+++ DATA FOR THIS EXERCISE

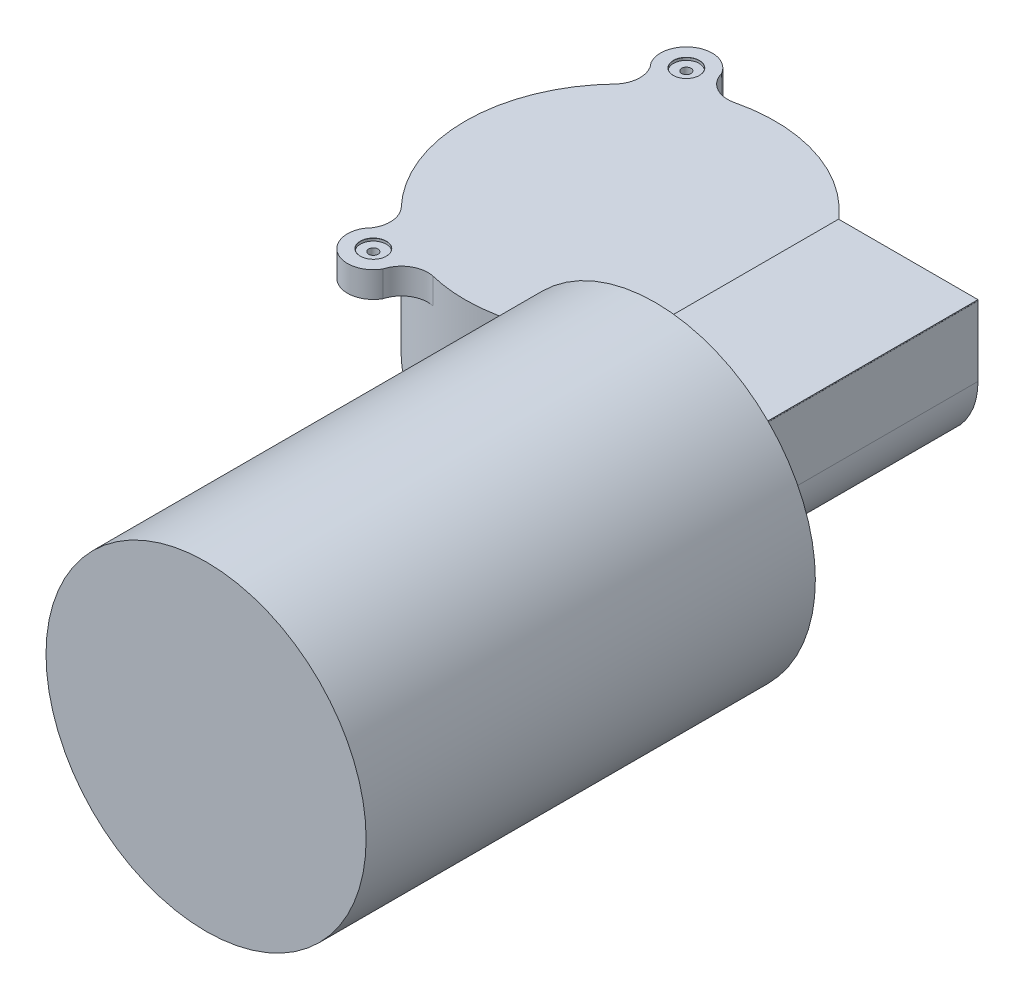
SolidWorks part; units mm, degrees
ref_plane "Front Plane" through (0, 0, 0) normal (0, 0, 1) x (1, 0, 0)
ref_plane "Top Plane" through (0, 0, 0) normal (0, 1, 0) x (1, 0, 0)
ref_plane "Right Plane" through (0, 0, 0) normal (1, 0, 0) x (0, 0, -1)
sketch "Sketch1" plane through (0, 0, 0) normal (0, 0, 1) x (1, 0, 0)
  circle A0 centre (0, 0) radius 31
  dimension "D1" = 62
extrude "Boss-Extrude1" add sketch "Sketch1" along normal blind 87 contours A0
sketch "Sketch2" plane through (0, 0, 0) normal (0, 0, 1) x (1, 0, 0)
  line L0 (0, 0) -> (0, 310) construction
  line L1 (-13.5, 13.5) -> (13.5, 13.5)
  line L2 (-13.5, 27) -> (13.5, 27)
  line L3 (-13.5, 27) -> (-13.5, 0)
  line L4 (-13.5, 0) -> (13.5, 0)
  line L5 (13.5, 27) -> (13.5, 0)
  line L6 (-13.5, 27) -> (13.5, 0) construction
  line L7 (-13.5, 0) -> (13.5, 27) construction
  circle A0 centre (0, 0) radius 13.5
  point P3 (0, 13.5)
  dimension "D1" = 27
  dimension "D2" = 27
extrude "Boss-Extrude2" add sketch "Sketch2" against normal blind 49 contours A0 L1 L3 | A0 L5 L1 | L4 A0 | L4 A0 region at (-10.4845, 10.4845, 0) region at (10.4845, 10.4845, 0) region at (0, 5.7296, 0) region at (0, -5.7296, 0)
sketch "Sketch4" plane through (0, 13.5, 0) normal (0, 1, 0) x (1, 0, 0)
  line L0 (-13.5, 24.5) -> (13.5, 24.5) construction
  line L1 (-13.5, 49) -> (-13.5, 0) construction
  line L2 (13.5, 49) -> (13.5, 0) construction
  line L3 (-36.3191, 29.5247) -> (-51.3191, 55.5054) construction
  line L4 (-51.3191, 55.5054) -> (-60.0048, 70.5495) construction
  line L5 (-36.3191, 29.5247) -> (-51.3191, 3.5439) construction
  line L6 (-51.3191, 3.5439) -> (-57.1339, -6.5276) construction
  line L7 (-51.3191, 55.5054) -> (-36.3191, 64.1657) construction
  line L8 (-53.8191, 59.8356) -> (-45.1589, 64.8356) construction
  line L9 (-36.3191, 64.1657) -> (-62.9795, 48.7733) construction
  line L10 (-53.8191, 59.8356) -> (-62.5189, 54.8128) construction
  line L11 (-51.3191, 3.5439) -> (-41.8627, -1.9157) construction
  line L12 (-41.8627, -1.9157) -> (-67.479, 12.8738) construction
  line L13 (-53.8191, -0.7862) -> (-70.4619, 8.8225) construction
  line L14 (-53.8191, -0.7862) -> (-40.5556, -8.4439) construction
  line L15 (-13.5, 49) -> (-13.5, 10.0494)
  circle A0 centre (-36.3191, 29.5247) radius 30
  circle A1 centre (-53.8191, 59.8356) radius 5
  circle A2 centre (-53.8191, -0.7862) radius 5
  arc A3 (-58.169, 57.3242) -> (-58.169, 50.0815) centre (-61.7903, 53.7028) cw
  arc A4 (-49.489, 62.3356) -> (-43.1969, 58.7256) centre (-44.538, 63.6766) ccw
  arc A5 (-58.1492, 1.7138) -> (-58.169, 8.9679) centre (-61.7861, 5.331) ccw
  arc A6 (-49.489, -3.2862) -> (-43.1969, 0.3237) centre (-44.538, -4.6273) cw
  point P6 (-51.3191, 55.5054)
  point P7 (-51.3191, 3.5439)
  point P12 (-6.3191, 29.5247)
  point P23 (-49.489, 62.3356)
  point P29 (-43.1969, 58.7256)
  point P33 (-58.1492, 1.7138)
  point P38 (-49.489, -3.2862)
  point P39 (-43.1969, 0.3237)
  point P40 (-58.169, 8.9679)
  dimension "D1" = 60
  dimension "D4" = 8.7373
  dimension "D2" = 120
  dimension "D3" = 120
  dimension "D5" = 8.7373
  dimension "D6" = 8.7373
  dimension "D7" = 8.7373
extrude "Boss-Extrude35" add sketch "Sketch4" against normal blind 24.5 separate body contours A0
sketch "Sketch12" plane through (0, -11, 0) normal (0, -1, 0) x (1, 0, 0)
  line L0 (-36.3191, -29.5247) -> (-20.787, -29.5247) construction
  line L1 (-36.3191, 0.4753) -> (-36.3191, -59.5247) construction
  circle A0 centre (-36.3191, -29.5247) radius 9.525
  circle A1 centre (-41.0816, -21.2758) radius 1.5875
  circle A2 centre (-26.7941, -29.5247) radius 1.5875
  circle A3 centre (-41.0816, -37.7736) radius 1.5875
  circle A4 centre (-41.0816, -21.2758) radius 0.7937
  circle A5 centre (-26.7941, -29.5247) radius 0.7937
  circle A6 centre (-41.0816, -37.7736) radius 0.7937
  circle A7 centre (-36.3191, -29.5247) radius 30 construction
  point P0 (-36.3191, -29.5247)
  point P4 (-26.7941, -29.5247)
  point P6 (-41.0816, -21.2758)
  point P7 (-41.0816, -37.7736)
  dimension "D1" = 19.05
  dimension "D4" = 3.175
  dimension "D5" = 1.5875
  dimension "D2" = 120
  dimension "D3" = 120
extrude "Boss-Extrude36" add sketch "Sketch12" along normal blind 17.5 contours A5 A0 A2 | A5 A0 A2 | A6 A0 A3 | A6 A0 A3 | A4 A0 A1 | A4 A0 A1 region at (-27.6121, -11, -29.5247) region at (-26.8327, -11, -28.3316) region at (-40.6726, -11, -21.9842) region at (-40.0303, -11, -20.7099) region at (-41.8558, -11, -39.1145) region at (-40.6726, -11, -37.0652)
sketch "Sketch14" plane through (0, -11, 0) normal (0, -1, 0) x (1, 0, 0)
  line L0 (-36.3191, 0.4753) -> (-36.3191, -59.5247) construction
  circle A0 centre (-36.3191, -29.5247) radius 5
  circle A1 centre (-36.3191, -29.5247) radius 30 construction
  dimension "D1" = 10
extrude "Boss-Extrude37" add sketch "Sketch14" along normal blind 17.5
sketch "Sketch16" plane through (0, -28.5, 0) normal (0, -1, 0) x (1, 0, 0)
  line L0 (-32.3191, -29.5247) -> (-40.3191, -29.5247) construction
  line L1 (-39.8191, -31.4612) -> (-39.8191, -27.5882)
  line L2 (-32.8191, -31.4612) -> (-32.8191, -27.5882)
  line L3 (-36.3191, -24.5247) -> (-36.3191, -34.5247) construction
  circle A0 centre (-36.3191, -29.5247) radius 4
  circle A1 centre (-36.3191, -29.5247) radius 5 construction
  circle A2 centre (-36.3191, -29.5247) radius 5 construction
  point P8 (-39.8191, -29.5247)
  point P11 (-32.8191, -29.5247)
  dimension "D1" = 8
  dimension "D2" = 3.873
extrude "Boss-Extrude38" add sketch "Sketch16" along normal blind 3.175 contours L2 A0 L1 region at (-36.3191, -28.5, -29.5247)
sketch "Sketch17" plane through (0, -31.675, 0) normal (0, -1, 0) x (1, 0, 0)
  line L0 (-36.3191, -25.5247) -> (-36.3191, -33.5247) construction
  circle A0 centre (-36.3191, -29.5247) radius 3
  arc A1 (-32.8191, -27.5882) -> (-39.8191, -27.5882) centre (-36.3191, -29.5247) ccw construction
  arc A2 (-39.8191, -31.4612) -> (-32.8191, -31.4612) centre (-36.3191, -29.5247) ccw construction
extrude "Boss-Extrude39" add sketch "Sketch17" along normal blind 3.188
extrude "Boss-Extrude40" add sketch "Sketch4<14>" against normal blind 5 contours A4 A1 A3 | A1 A3 A0 | A4 A1 A0 | A2 A6 A5 | A2 A6 A0 | A5 A2 A0 region at (-47.8244, 13.5, -58.2882) region at (-47.8244, 13.5, -0.7612) region at (-55.4881, 13.5, -53.873) region at (-53.821, 13.5, -59.8357) region at (-55.4764, 13.5, -5.179) region at (-53.8197, 13.5, 0.7873)
sketch "Sketch4<14>" plane through (0, 13.5, 0) normal (0, 1, 0) x (1, 0, 0) same geometry as "Sketch4"
sketch "Sketch19" plane through (0, 13.5, 0) normal (0, 1, 0) x (1, 0, 0)
  arc A0 (-58.1027, 57.2567) -> (-49.489, 62.3356) centre (-53.8191, 59.8356) cw
  circle A1 centre (-53.8191, 59.8356) radius 3.175
  arc A2 (-58.1492, 1.7138) -> (-49.489, -3.2862) centre (-53.8191, -0.7862) ccw
  circle A3 centre (-53.8191, -0.7862) radius 3.175
  dimension "D1" = 6.35
hole_wizard "CBORE for M1.6 Hexagon head bolts-Full thread-grades AB1" positions "3DSketch1" profile "Sketch21" counterbore size "M1.6" standard "GB" end condition up to next
sketch3d "3DSketch1"
  point P0 (-53.8191, 13.5, -59.8356)
  point P3 (-53.8191, 13.5, 0.7862)
sketch "Sketch21" plane through (-53.8191, 13.5, -59.8356) normal (1, 0, 0) x (0, 0, 1)
  line L0 (0, 0) -> (0, 5.001)
  line L1 (0, 5.001) -> (0.9, 5.001)
  line L3 (0.9, 5.001) -> (0.9, 0.5)
  line L4 (2.5, 0.5) -> (0.9, 0.5)
  line L5 (2.5, 0.5) -> (2.5, 0.025)
  line L6 (2.5, 0.025) -> (2.525, 0)
  line L7 (2.525, 0) -> (0, 0)
  line L8 (-2.5, 0.025) -> (-2.525, 0) construction
  line L11 (0, -6.35) -> (0, 107.95) construction
  dimension "Thru Hole Dia." = 1.8
  dimension "Thru Hole Depth" = 5.001
  dimension "C'Bore Dia." = 5
  dimension "C'Bore Depth" = 0.5
  dimension "Near C'Sink Dia." = 5.05
  dimension "Near C'Sink Angle" = 90
sketch "Sketch23" plane through (0, 0, 0) normal (0, 0, -1) x (-1, 0, 0)
  line L1 (-13.5, 13.7138) -> (13.5, 13.7138)
  line L2 (-13.5, 13.7138) -> (-13.5, 13.5153)
  line L3 (-13.5, 13.5153) -> (13.5, 13.5153)
  line L4 (13.5, 13.7138) -> (13.5, 13.5153)
extrude "Boss-Extrude44" add sketch "Sketch23" along normal up to surface (49 mm away) up to face at (0, 3.375, -49)

++++++

## AIM OF THE TASK
Everything from the opening line of the data through the line with "line L1 (-13.5, 13.5) -> (13.5, 13.5)" should be repeated exactly; leave the pictures out.

## SOLUTION TO THIS PROBLEM
SolidWorks part; units mm, degrees
ref_plane "Front Plane" through (0, 0, 0) normal (0, 0, 1) x (1, 0, 0)
ref_plane "Top Plane" through (0, 0, 0) normal (0, 1, 0) x (1, 0, 0)
ref_plane "Right Plane" through (0, 0, 0) normal (1, 0, 0) x (0, 0, -1)
sketch "Sketch1" plane through (0, 0, 0) normal (0, 0, 1) x (1, 0, 0)
  circle A0 centre (0, 0) radius 31
  dimension "D1" = 62
extrude "Boss-Extrude1" add sketch "Sketch1" along normal blind 87 contours A0
sketch "Sketch2" plane through (0, 0, 0) normal (0, 0, 1) x (1, 0, 0)
  line L0 (0, 0) -> (0, 310) construction
  line L1 (-13.5, 13.5) -> (13.5, 13.5)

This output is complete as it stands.